Within the records below, reproduce without change the lines from the line that has "#65=DIRECTION('',(1.,0.,0.));" through the line that has "#87=CARTESIAN_POINT('',(0.,0.,23.21));", and only those.

(Collected data)
------------------------------------------------------------
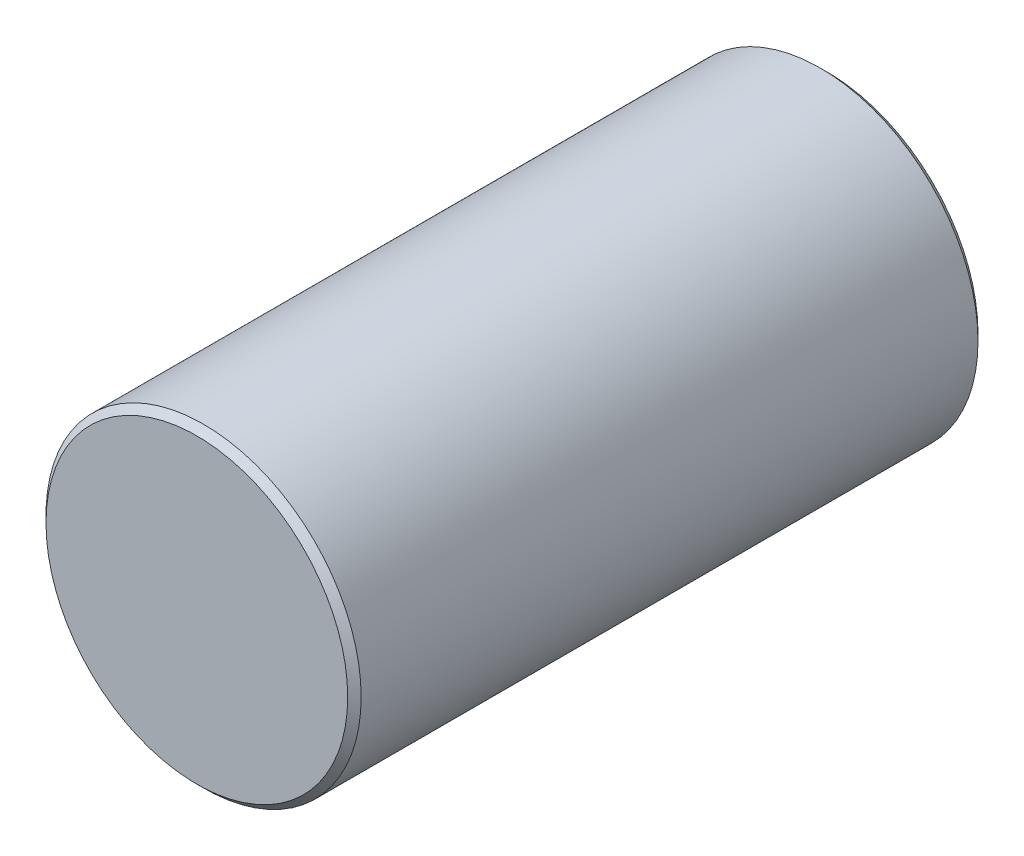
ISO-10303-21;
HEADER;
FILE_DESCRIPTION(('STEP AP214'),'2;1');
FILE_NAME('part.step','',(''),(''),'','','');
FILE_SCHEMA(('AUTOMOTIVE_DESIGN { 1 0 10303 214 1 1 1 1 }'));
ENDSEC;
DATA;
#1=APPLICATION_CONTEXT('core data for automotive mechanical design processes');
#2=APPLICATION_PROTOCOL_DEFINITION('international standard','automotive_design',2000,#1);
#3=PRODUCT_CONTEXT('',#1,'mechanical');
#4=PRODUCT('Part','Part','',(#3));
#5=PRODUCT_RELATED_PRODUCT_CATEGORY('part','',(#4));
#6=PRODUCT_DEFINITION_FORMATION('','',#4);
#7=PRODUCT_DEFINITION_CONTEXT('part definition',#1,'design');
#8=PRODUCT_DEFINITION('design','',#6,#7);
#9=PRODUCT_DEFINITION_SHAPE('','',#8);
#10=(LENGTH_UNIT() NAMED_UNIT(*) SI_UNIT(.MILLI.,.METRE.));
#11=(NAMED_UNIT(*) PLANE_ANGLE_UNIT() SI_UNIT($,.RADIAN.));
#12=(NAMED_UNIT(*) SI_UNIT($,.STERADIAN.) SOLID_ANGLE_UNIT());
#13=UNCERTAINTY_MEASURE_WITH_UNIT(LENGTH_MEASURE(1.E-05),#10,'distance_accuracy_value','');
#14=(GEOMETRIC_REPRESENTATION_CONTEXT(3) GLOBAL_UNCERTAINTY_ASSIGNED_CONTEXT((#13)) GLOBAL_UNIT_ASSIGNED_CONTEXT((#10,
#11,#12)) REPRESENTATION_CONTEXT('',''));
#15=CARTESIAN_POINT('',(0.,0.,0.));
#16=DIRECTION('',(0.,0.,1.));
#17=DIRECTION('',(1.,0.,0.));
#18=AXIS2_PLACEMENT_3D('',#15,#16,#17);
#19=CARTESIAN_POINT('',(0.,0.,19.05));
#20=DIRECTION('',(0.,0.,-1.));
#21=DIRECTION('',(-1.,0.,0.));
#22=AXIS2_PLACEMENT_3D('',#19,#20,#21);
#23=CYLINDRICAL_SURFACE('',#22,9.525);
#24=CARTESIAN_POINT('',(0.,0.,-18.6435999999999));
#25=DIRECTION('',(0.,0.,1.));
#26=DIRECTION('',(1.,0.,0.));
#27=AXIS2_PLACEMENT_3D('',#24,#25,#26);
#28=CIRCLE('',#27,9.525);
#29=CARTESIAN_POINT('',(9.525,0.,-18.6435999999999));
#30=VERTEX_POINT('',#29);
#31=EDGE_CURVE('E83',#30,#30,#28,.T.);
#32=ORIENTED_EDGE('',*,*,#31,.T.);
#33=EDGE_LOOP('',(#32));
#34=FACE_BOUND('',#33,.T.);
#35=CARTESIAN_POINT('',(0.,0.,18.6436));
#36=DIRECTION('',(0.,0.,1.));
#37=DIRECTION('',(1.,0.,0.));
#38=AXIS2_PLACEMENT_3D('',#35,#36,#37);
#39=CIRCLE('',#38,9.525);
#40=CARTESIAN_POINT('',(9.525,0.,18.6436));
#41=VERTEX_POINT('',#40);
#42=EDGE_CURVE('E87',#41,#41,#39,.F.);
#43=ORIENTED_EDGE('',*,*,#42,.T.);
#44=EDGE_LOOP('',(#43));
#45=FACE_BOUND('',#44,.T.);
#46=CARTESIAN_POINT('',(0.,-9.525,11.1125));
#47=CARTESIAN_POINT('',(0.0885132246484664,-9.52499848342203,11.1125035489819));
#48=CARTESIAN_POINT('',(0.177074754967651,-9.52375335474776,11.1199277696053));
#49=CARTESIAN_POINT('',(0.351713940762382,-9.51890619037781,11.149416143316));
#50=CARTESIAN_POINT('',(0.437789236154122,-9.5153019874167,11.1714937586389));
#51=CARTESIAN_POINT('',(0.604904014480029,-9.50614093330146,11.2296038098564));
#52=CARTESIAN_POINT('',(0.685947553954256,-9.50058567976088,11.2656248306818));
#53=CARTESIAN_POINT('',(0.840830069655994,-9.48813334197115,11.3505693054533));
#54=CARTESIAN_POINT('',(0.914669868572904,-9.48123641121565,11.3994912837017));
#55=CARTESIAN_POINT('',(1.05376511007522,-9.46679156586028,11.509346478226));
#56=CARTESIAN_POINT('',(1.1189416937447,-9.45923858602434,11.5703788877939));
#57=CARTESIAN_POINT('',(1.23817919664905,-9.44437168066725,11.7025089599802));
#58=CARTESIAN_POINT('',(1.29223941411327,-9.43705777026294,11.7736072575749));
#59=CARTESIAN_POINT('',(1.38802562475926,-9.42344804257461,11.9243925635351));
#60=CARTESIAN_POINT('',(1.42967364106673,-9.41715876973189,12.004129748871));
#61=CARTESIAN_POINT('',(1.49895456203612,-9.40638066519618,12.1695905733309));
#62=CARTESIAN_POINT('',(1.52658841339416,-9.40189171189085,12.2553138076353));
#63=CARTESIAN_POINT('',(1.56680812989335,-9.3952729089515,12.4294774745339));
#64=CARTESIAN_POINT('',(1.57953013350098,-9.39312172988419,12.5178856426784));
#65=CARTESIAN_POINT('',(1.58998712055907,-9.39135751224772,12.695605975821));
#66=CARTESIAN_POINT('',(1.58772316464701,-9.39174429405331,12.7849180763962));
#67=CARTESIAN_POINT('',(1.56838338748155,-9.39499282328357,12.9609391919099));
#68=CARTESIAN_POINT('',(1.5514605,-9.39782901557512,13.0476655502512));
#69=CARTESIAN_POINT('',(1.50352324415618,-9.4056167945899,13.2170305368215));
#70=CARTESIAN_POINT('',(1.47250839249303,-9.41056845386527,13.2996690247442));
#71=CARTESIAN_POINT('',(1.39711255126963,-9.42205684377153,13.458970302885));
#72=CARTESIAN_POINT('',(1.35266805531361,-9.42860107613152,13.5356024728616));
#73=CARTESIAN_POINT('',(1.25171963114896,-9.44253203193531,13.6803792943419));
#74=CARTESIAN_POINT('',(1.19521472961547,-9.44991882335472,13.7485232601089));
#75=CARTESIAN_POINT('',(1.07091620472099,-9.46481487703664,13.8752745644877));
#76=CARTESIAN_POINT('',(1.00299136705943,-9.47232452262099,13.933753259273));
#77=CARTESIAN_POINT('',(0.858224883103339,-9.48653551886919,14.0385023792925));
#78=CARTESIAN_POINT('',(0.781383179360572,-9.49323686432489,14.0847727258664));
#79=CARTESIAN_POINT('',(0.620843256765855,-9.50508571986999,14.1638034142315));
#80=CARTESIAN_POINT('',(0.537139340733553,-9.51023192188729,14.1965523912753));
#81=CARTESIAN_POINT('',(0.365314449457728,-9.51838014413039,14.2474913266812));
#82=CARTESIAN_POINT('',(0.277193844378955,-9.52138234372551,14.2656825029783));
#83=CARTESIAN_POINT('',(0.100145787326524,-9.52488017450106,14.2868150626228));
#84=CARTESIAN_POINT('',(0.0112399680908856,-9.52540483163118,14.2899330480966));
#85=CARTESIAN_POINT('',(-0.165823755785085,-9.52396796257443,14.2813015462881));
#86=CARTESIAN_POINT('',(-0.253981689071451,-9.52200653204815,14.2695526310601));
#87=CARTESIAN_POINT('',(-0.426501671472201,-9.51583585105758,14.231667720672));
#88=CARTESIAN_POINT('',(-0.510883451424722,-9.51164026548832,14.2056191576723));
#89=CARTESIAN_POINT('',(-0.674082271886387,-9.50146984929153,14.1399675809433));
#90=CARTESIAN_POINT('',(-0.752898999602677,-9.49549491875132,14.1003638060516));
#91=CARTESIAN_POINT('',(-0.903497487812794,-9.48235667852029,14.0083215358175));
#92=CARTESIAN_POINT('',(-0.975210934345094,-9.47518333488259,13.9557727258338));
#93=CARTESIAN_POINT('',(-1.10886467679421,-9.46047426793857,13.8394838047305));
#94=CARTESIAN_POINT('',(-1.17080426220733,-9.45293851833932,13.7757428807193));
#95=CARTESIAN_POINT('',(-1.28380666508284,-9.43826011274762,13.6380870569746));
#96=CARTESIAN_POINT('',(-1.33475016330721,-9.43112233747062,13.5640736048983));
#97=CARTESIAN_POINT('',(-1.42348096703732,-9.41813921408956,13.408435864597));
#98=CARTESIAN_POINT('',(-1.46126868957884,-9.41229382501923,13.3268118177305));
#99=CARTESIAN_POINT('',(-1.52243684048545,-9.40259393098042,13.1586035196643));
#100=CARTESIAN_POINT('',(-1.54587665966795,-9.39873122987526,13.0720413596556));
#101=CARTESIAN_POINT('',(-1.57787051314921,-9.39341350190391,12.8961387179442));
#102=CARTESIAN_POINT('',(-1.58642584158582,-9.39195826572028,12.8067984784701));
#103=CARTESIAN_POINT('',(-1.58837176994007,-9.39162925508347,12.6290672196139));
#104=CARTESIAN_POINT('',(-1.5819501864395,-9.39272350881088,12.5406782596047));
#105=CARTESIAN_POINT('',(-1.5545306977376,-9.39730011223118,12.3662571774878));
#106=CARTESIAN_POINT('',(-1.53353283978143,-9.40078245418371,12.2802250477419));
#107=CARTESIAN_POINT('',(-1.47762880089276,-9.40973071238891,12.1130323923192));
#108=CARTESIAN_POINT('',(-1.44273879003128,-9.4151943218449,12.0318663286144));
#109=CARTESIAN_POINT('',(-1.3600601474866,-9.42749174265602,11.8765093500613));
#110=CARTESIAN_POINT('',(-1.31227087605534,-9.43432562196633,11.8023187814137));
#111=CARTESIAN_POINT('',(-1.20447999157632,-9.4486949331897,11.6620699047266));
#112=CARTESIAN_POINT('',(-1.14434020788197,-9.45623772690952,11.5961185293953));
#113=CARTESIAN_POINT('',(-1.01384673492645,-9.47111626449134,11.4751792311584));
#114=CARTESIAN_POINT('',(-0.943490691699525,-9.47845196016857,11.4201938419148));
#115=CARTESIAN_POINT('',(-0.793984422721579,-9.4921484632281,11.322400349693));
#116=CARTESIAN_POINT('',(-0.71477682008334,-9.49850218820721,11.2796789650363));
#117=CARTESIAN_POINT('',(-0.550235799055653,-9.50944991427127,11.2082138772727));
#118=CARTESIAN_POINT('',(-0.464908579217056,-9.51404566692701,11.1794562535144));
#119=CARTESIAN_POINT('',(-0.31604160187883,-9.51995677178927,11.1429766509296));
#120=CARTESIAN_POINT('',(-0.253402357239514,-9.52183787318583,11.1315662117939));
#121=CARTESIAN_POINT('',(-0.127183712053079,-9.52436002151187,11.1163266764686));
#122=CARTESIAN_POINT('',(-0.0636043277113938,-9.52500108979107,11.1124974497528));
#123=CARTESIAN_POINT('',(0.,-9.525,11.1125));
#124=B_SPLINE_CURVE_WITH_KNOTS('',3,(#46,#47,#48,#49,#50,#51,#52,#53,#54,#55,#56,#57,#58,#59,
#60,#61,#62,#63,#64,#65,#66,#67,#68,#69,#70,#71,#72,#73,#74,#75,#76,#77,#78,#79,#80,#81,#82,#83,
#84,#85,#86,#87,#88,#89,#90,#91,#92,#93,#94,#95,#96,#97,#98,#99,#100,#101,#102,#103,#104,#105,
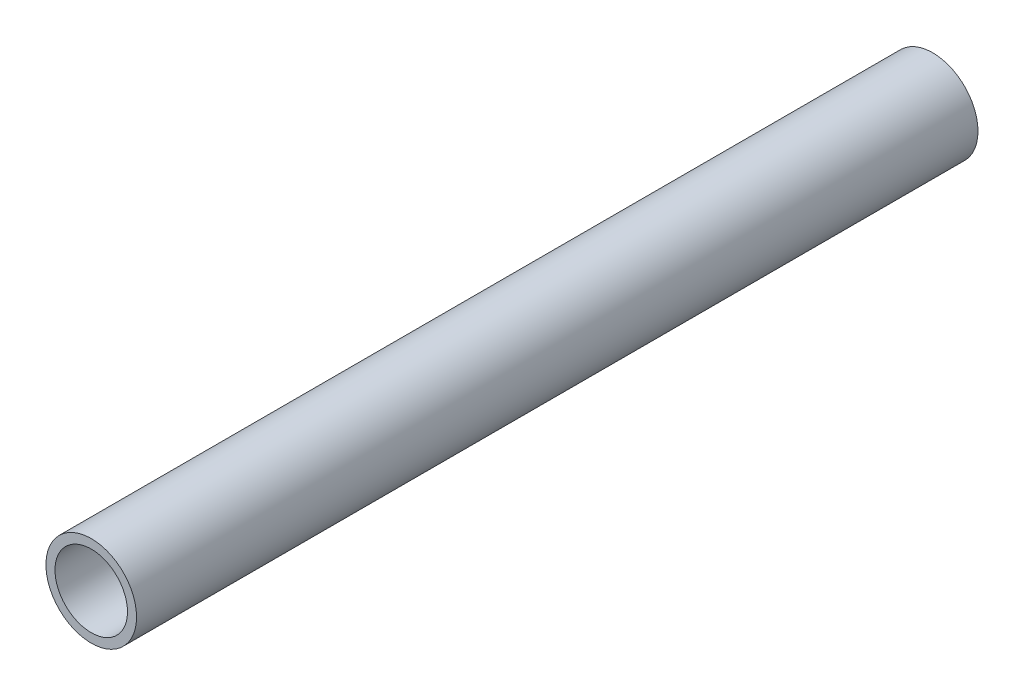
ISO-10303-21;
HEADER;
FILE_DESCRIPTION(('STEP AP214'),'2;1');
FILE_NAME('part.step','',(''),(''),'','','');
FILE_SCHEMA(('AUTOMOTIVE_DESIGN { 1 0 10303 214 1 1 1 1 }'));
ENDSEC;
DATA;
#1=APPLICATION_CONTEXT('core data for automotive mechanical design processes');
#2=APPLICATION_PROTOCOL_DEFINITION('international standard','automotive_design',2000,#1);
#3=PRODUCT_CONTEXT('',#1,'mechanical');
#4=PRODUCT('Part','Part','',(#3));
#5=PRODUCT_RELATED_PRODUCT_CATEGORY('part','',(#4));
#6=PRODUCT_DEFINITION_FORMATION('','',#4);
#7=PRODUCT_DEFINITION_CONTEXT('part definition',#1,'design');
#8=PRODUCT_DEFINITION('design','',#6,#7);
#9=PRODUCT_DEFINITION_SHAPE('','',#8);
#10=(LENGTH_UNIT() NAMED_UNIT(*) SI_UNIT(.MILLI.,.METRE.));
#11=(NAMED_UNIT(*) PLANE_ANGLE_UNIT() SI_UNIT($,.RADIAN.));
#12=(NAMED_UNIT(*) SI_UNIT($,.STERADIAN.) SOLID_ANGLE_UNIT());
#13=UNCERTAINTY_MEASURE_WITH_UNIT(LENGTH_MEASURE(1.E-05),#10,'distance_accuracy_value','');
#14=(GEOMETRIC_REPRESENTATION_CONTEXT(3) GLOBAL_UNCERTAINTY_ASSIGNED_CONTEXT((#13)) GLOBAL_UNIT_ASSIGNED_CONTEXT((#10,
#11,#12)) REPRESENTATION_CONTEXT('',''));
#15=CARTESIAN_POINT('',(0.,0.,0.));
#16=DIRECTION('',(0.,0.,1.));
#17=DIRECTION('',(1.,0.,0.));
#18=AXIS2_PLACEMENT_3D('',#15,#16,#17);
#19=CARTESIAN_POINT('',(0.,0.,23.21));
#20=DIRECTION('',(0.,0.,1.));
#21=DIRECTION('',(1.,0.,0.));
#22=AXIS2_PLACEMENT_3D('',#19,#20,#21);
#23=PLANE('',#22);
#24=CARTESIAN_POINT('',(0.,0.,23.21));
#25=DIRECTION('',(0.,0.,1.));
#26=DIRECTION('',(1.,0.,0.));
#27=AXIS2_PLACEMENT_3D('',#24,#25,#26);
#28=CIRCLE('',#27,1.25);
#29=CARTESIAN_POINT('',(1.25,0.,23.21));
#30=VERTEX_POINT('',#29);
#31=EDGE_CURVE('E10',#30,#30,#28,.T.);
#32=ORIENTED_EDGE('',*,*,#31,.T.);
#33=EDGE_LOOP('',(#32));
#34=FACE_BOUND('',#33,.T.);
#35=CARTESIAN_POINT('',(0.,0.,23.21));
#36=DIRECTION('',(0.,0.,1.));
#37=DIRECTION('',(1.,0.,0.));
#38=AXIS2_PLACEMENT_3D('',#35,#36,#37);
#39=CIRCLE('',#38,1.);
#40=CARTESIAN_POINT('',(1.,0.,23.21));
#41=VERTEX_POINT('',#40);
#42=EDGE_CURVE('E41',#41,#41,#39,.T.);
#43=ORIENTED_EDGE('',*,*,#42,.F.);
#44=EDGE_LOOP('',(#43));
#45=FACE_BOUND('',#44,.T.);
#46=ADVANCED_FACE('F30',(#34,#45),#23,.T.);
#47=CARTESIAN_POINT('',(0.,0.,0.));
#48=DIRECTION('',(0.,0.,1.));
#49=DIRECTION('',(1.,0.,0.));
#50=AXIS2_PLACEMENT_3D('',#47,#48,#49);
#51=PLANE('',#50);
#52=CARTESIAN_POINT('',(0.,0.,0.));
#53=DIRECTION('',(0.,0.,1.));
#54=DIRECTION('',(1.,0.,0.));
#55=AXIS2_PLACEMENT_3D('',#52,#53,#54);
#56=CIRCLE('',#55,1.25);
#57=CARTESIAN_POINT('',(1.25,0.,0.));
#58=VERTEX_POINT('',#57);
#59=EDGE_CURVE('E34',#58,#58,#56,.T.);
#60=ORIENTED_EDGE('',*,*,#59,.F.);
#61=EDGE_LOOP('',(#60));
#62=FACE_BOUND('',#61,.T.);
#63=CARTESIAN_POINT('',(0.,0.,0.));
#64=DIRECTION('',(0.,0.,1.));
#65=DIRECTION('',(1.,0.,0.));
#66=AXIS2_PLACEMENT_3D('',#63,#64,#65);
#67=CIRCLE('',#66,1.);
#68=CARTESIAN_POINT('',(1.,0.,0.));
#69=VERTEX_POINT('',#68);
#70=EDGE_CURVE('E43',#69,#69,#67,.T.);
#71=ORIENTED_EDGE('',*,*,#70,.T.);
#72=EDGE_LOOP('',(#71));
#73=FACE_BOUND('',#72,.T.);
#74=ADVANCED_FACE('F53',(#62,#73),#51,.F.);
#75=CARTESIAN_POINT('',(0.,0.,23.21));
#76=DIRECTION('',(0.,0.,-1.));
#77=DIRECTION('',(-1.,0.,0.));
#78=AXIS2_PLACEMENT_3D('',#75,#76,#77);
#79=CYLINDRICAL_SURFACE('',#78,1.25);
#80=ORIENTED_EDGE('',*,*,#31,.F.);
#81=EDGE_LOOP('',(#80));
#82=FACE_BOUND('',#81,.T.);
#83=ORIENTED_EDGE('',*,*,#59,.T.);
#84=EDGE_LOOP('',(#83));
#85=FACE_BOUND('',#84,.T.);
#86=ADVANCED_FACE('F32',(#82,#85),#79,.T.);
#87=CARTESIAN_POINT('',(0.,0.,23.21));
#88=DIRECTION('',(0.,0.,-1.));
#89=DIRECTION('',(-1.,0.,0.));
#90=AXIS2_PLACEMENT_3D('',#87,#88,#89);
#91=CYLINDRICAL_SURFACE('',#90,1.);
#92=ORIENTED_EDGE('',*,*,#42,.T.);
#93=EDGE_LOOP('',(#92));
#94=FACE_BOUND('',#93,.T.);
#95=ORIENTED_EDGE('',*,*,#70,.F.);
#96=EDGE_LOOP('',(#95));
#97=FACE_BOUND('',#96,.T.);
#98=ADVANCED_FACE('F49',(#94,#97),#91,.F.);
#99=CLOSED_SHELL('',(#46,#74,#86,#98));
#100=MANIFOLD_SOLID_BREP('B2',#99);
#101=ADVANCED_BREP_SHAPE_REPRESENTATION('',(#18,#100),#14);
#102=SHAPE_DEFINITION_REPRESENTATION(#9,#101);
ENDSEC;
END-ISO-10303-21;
------------------------------------------------------------
Completed task:
#65=DIRECTION('',(1.,0.,0.));
#66=AXIS2_PLACEMENT_3D('',#63,#64,#65);
#67=CIRCLE('',#66,1.);
#68=CARTESIAN_POINT('',(1.,0.,0.));
#69=VERTEX_POINT('',#68);
#70=EDGE_CURVE('E43',#69,#69,#67,.T.);
#71=ORIENTED_EDGE('',*,*,#70,.T.);
#72=EDGE_LOOP('',(#71));
#73=FACE_BOUND('',#72,.T.);
#74=ADVANCED_FACE('F53',(#62,#73),#51,.F.);
#75=CARTESIAN_POINT('',(0.,0.,23.21));
#76=DIRECTION('',(0.,0.,-1.));
#77=DIRECTION('',(-1.,0.,0.));
#78=AXIS2_PLACEMENT_3D('',#75,#76,#77);
#79=CYLINDRICAL_SURFACE('',#78,1.25);
#80=ORIENTED_EDGE('',*,*,#31,.F.);
#81=EDGE_LOOP('',(#80));
#82=FACE_BOUND('',#81,.T.);
#83=ORIENTED_EDGE('',*,*,#59,.T.);
#84=EDGE_LOOP('',(#83));
#85=FACE_BOUND('',#84,.T.);
#86=ADVANCED_FACE('F32',(#82,#85),#79,.T.);
#87=CARTESIAN_POINT('',(0.,0.,23.21));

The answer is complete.